The creative trajectory continued as Ellis and her husband bought a fixer-upper house during the real-estate boom and flipped it. They continued flipping houses until the economy crashed, but the bright side was already established: “I gained more hands-on skills in brick and tile work,” Ellis says. She next worked for Macy’s, who sent her to the elite High Point Market; there, she says, she “acquired knowledge about different furniture lines and became enamored.”
After relocating to Asheville, Ellis took two years of classes through AB-Tech’s upholstery program, learning what she calls “the fine technical stuff” of the trade from teacher Mike Suitor. “I saw that each chair had a history and life of its own, and each presented a different level of challenge,” says Ellis. “I took to this like a duck to water.” So she signed up for more classes, including fine woodworking, where she learned joinery.
These skills, and a test run showing her work to friend Kim Hubbard, owner of K2 Studio, coalesced to give Ellis the confidence she needed to open Sittin’ Pretty. “I showed [Kim] everything I had and asked her to consign anything she liked.
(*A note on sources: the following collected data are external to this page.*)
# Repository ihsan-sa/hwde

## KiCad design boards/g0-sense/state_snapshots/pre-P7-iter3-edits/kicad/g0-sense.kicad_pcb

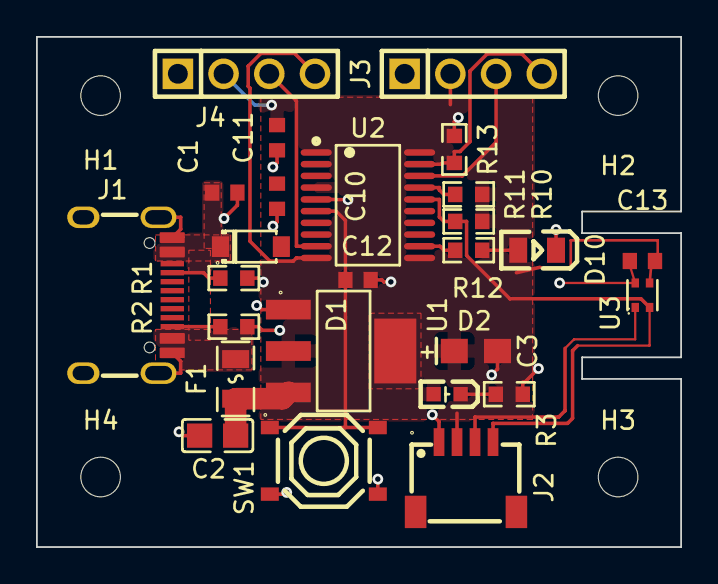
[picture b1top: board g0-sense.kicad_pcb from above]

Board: 2 copper layers, 35.8 x 28.3 mm, 30 parts (0 on the bottom side), 16 nets.

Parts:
C1, C10, C12, C13: 100nF 50V X7R; C0603
C2: 10uF 25V X5R; C0805
C3: 22uF 10V tantalum; CASE-A_3216
C11: 4.7uF 16V X5R; C0603
D1: SMF5.0A TVS 5V; SOD-123_L2.8-W1.8-LS3.7-RD
D2: Red LED; LED-SMD_L1.6-W0.8-R-RD
D10: Green 0805; LED0805-R-RD
F1: PTC 750mA 16V; F0805
H1, H2, H3, H4: MountingHole_2.2mm_M2
J1: TYPE-C-31-M-12; USB-C_SMD-TYPE-C-31-M-12_1
J2: Qwiic JST SH 4P; CONN-SMD_4P-P1.00_SM04B-SRSS-TB-LF-SN
J3, J4: 1x4 2.54mm THT (DNP); HDR-TH_4P-P2.54-V-M
R1, R2: 5.1k 1%; R0603
R3: 680R 1%; R0603
R10, R11: 1.5k; R0603
R12: 100R; R0603
R13: 10k; R0603
SW1: Tactile button; SW-SMD_4P-L5.1-W5.1-P3.70-LS6.5-TL_H1.5
U1: AMS1117-3.3; SOT-223-3_L6.5-W3.4-P2.30-LS7.0-BR
U2: STM32G030F6P6; TSSOP-20_L6.5-W4.4-P0.65-LS6.4-BL
U3: SHT40-AD1B-R2; DFN-4_L1.5-W1.5-P0.8-TL-EP

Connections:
+3V3: C3.1, C10.1, C11.1, C13.1, D2.1, J2.2, J3.2, J4.2, R10.2, R11.2, U1.2, U1.4, U2.4, U3.3
+5V: C2.1, F1.2, U1.3
/main/LED_A: D10.1, R12.2
/main/LED_USER: R12.1, U2.12
/main/NRST: C12.1, SW1.1, SW1.2, U2.6
/main/SCL: J2.4, R11.1, U2.16, U3.2
/main/SDA: J2.3, R10.1, U2.17, U3.1
/main/SWCLK: J3.4, R13.1, U2.19
/main/SWDIO: J3.3, U2.18
/main/UART_RX: J4.4, U2.10
/main/UART_TX: J4.3, U2.9
/power/CC1: J1.A5, R1.1
/power/CC2: J1.B5, R2.1
/power/PWR_LED_K: D2.2, R3.1
GND: C1.2, C2.2, C3.2, C10.2, C11.2, C12.2, C13.2, D1.2, D10.2, J1.1, J1.2, J1.3, J1.4, J1.A1B12, J1.B1A12, J2.1, J3.1, J4.1, R1.2, R2.2, R3.2, R13.2, SW1.3, SW1.4, U1.1, U2.5, U3.4
VBUS: C1.1, D1.1, F1.1, J1.A4B9, J1.B4A9

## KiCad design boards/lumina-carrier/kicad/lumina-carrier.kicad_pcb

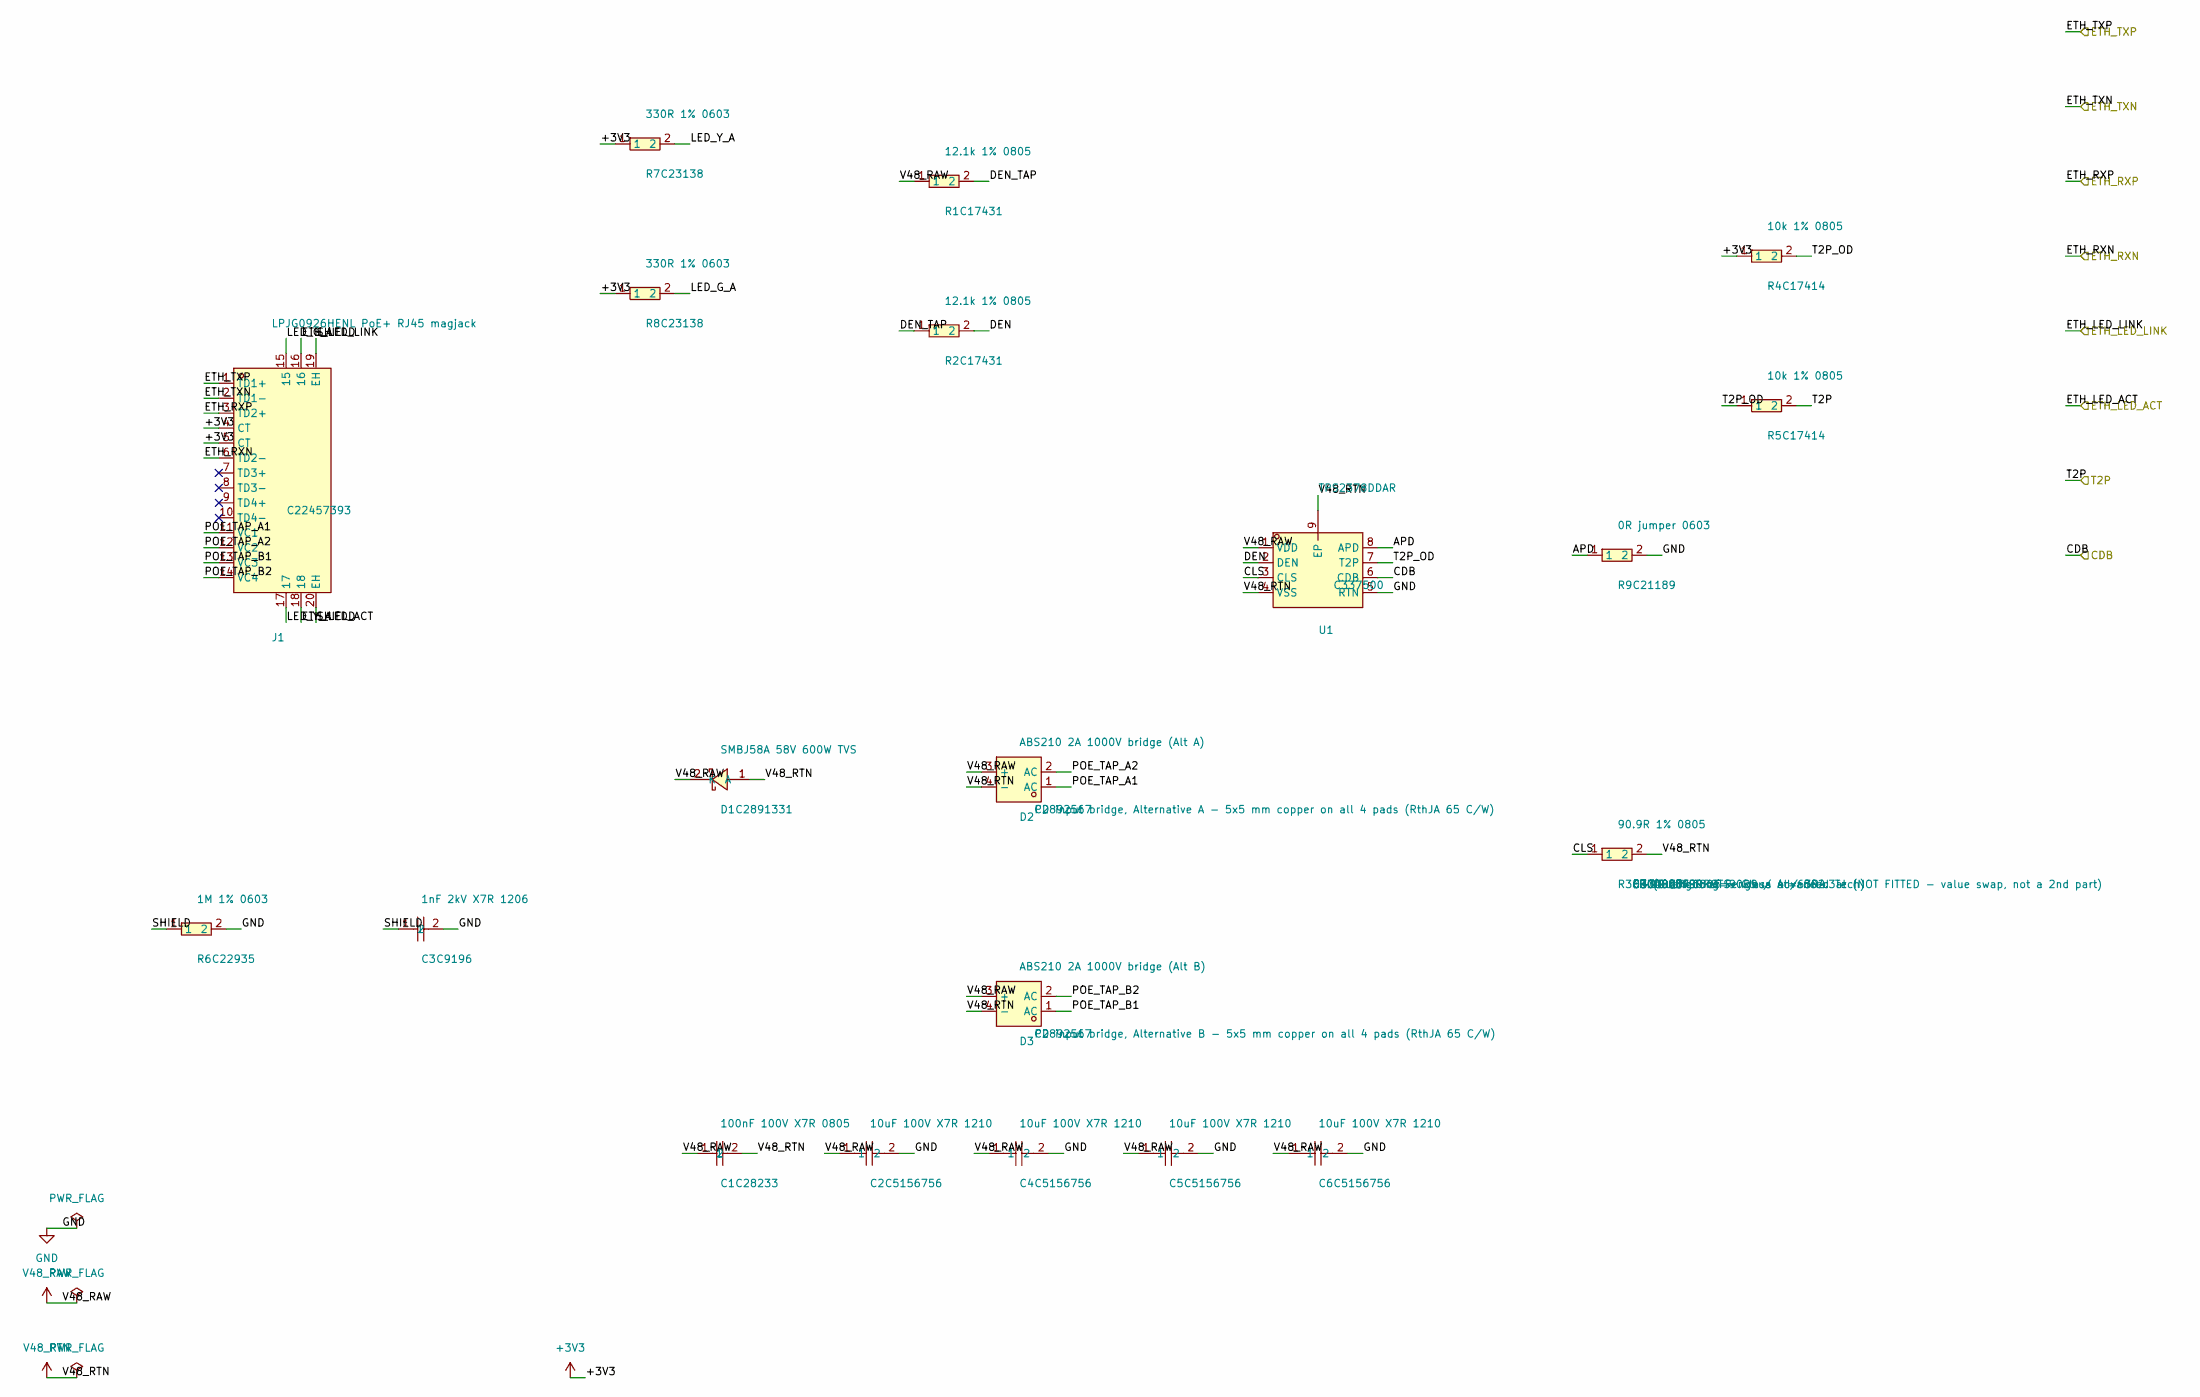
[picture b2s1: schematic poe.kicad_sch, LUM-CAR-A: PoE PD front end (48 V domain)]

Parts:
C1: 100nF 100V X7R 0805; C0805; LCSC C28233
C2, C4, C5, C6: 10uF 100V X7R 1210; C1210; LCSC C5156756
C3: 1nF 2kV X7R 1206; C1206; LCSC C9196
D1: SMBJ58A 58V 600W TVS; SMB_L4.3-W3.6-LS5.4-R-RD; LCSC C2891331
D2: ABS210 2A 1000V bridge (Alt A); ABF_L5.1-W4.4-P4.00-LS6.2-BL; LCSC C2892567
D3: ABS210 2A 1000V bridge (Alt B); ABF_L5.1-W4.4-P4.00-LS6.2-BL; LCSC C2892567
J1: LPJG0926HENL PoE+ RJ45 magjack; RJ45-TH_LPJG0926HENL_C22457393; LCSC C22457393
R1, R2: 12.1k 1% 0805; R0805; LCSC C17431
R3: 90.9R 1% 0805; R0805; MPN FRC0805F90R9TS; LCSC C3000584
R4, R5: 10k 1% 0805; R0805; LCSC C17414
R6: 1M 1% 0603; R0603; LCSC C22935
R7, R8: 330R 1% 0603; R0603; LCSC C23138
R9: 0R jumper 0603; R0603; LCSC C21189
U1: TPS2378DDAR; SOIC-8-1EP_3.9x4.9mm_P1.27mm_EP2.95x4.9mm_Mask2.71x3.4mm; LCSC C337500

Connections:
+3V3: J1.4 (CT), J1.5 (CT), R4.1, R7.1, R8.1; also elsewhere on the board
/CDB: U1.6 (CDB); also elsewhere on the board
/ETH_LED_ACT: J1.18; also elsewhere on the board
/ETH_LED_LINK: J1.16; also elsewhere on the board
/ETH_RXN: J1.6 (TD2-); also elsewhere on the board
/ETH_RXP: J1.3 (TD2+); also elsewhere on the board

She took 10 chairs and they all sold within 30 days,” she says, with lingering surprise.
Ellis’s transformative talent includes a chair clad in sophisticated grays and bedecked with Australian crystal and ostrich feathers: the look screams “diva.” A wingback titled “Mountains are Calling” defines casual comfort with a serene range of blue hues fashioned from recycled jeans, rustic rough-fringe detailing, and, on the back, a laminated map of the Blue Ridge Parkway. Her “Broody the Rooster” project, a collaboration with artist Shelley Schenker, combines bright color, chicken wire, and burlap to transform a Bergère chair into a bijou treat. Its spiritual opposite is the ladylike “Angelina” — a pure white color scheme, boa feathers, beads, rhinestones, and oversized wings give the chair a decidedly ethereal vibe. Ellis often incorporates thrift-store finds as hardware, which shows her love of a good theme.
Happily settled into her studio, she enjoys interacting with art lovers. She’s also vocal about her gratitude for her husband’s support of her dream, and hopes to create a limited-edition collection for a larger company at some point.
But right now, she says, the thrill is in creating a personality for every chair she encounters. “It’s the most fun thing I’ve ever done.”
Sittin’ Pretty, 170 Lyman St. #5, River Arts District. For more information, call 828-335-4055 or see sittin-pretty.com. See more of Ellis’ work at K2 Studio, 59 College St, Asheville, 828-250-0500, k2furniture.com.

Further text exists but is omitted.